Remember that the SSE will be used to find the Within-treatment variation! It gives a value that measures the within treatment variation across all groups.

In [441]:
SSE = sum([(_ - np.mean(big))**2 for _ in big]) + sum([(_ - np.mean(avg))**2 for _ in avg]) + sum([(_ - np.mean(budget2))**2 for _ in budget2])
SSE

0.6399999999999999

In [442]:
SSTr = SST - SSE
MSE = SSE/(15-3)
MSTr = SSTr/(3-1)

SSTr (sum of squared treatments) measures the variation between the treatments groups. Specifically the means of the treatment groups. 

In fact, SSTr can be calculated:

$$\sum_{i=1}^k n_i (\bar{Y_i} - \bar{Y})^2 $$

Which is just a sum of squared calculation comparing the means of the each group with the grand mean, weighted by the size of the sub-sample for each group!

In [443]:
output = []

for _ in [big, avg, budget2]:
    
    output.append(len(_)*(np.mean(_) - gmean)**2)

sum(output)
    
    

4.4333333333333265

In [444]:
SSTr

4.433333333333332

Note how the sum of squares treatment is the same as before we reduced the variance for the budget group! This is because the means of each group i.e. the $\bar{Y_i}$'s have remained the same.

Below, note that MSE is a measure of the within-group variance. Look how small it is! 0.053!

In [445]:
MSE

0.05333333333333332

Below we see the MSTr, a measure of the between-group variance. Look it's the same as before! 2.216

In [446]:
MSTr

2.216666666666666

The ratio between the within-group and between-group variance will be very different now. Look at the F-stat we get!

In [447]:
F = MSTr/MSE
F

41.56249999999999

Wow! Look that F-stat. 

In [448]:
Fcrit3 = sp.stats.f.ppf(q=0.99, dfn=2, dfd=12)
Fcrit3

6.9266081401913

In [449]:
F > Fcrit3

True

Now we have reduced the variance for budget customers, we have statistical confidence even at $\alpha = 0.01$

Conclusion: If the within-group variation (measured by MSE via the SSE) is smaller than the between group variation (measured by MSTr via the SSTr), then we can be more confident that the means of the group are truly different from each other. 

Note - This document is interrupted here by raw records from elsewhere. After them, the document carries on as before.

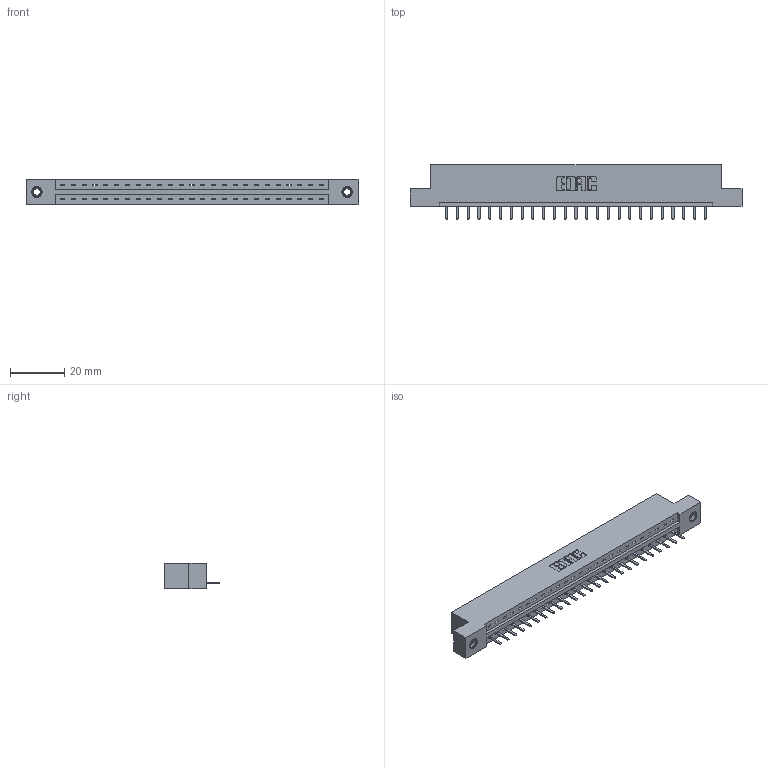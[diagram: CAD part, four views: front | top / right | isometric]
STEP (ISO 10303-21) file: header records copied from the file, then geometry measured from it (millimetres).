
FILE_DESCRIPTION (( 'STEP AP203' ), '1' );
FILE_NAME ('337-025-520-107.STEP', '2019-09-30T16:27:17', ( '' ), ( '' ), 'SwSTEP 2.0', 'SolidWorks 2016', '' );
FILE_SCHEMA (( 'CONFIG_CONTROL_DESIGN' ));
Length unit declared in the file: inch
Products named in the file (4): 337 Part_Flush Mounting Lugs - 0.156 Dia-TI; 345-292-001_345-293-120; 345-250-001_345-250-005-103; 337-025-520-107
Assembly tree (28 placements, depth 2):
  337-025-520-107
    337 Part_Flush Mounting Lugs - 0.156 Dia-TI
    345-292-001_345-293-120  x25
    345-250-001_345-250-005-103  x2
Bounding box: 122.07 x 20.02 x 9.4 mm (x, y, z)
Volume: 12389.2 mm3; surface area: 12490.3 mm2
Topology: 28 solids, 28 shells, 1824 faces, 5347 edges, 3490 vertices
Faces by surface type: plane 1302, cylinder 506, cone 12, torus 4
Entity records: 22082 total; most frequent: CARTESIAN_POINT 3836, ORIENTED_EDGE 3778, DIRECTION 3285, EDGE_CURVE 1889, VECTOR 1737, LINE 1737, VERTEX_POINT 1252, AXIS2_PLACEMENT_3D 774

At some point, this reaches the confidence level for some given alpha $\alpha$.

Think about it. The less variance inside a group, the more confident we can be that we will find members of that "class" or group clustered around the mean for that group. 

If we find two groups like this i.e. very clustered around the mean for their group, and the means for each group are very different from each other, it becomes more likely that the means for each class are truly different. 

Alternatively, you can think of this as us having more reason to believe that the means for the parameters are truly different (Bayesian thinking!). 

On the other hand, imagine we had two groups that had quite similar means, and within each group we found a huge amount of variance (i.e. the values are scattered and spread). This would make it far more likely that the different between the means could be explained the random static exhibited by the groups. 

In that case, it would not be reasonable to believe that we had found a true difference.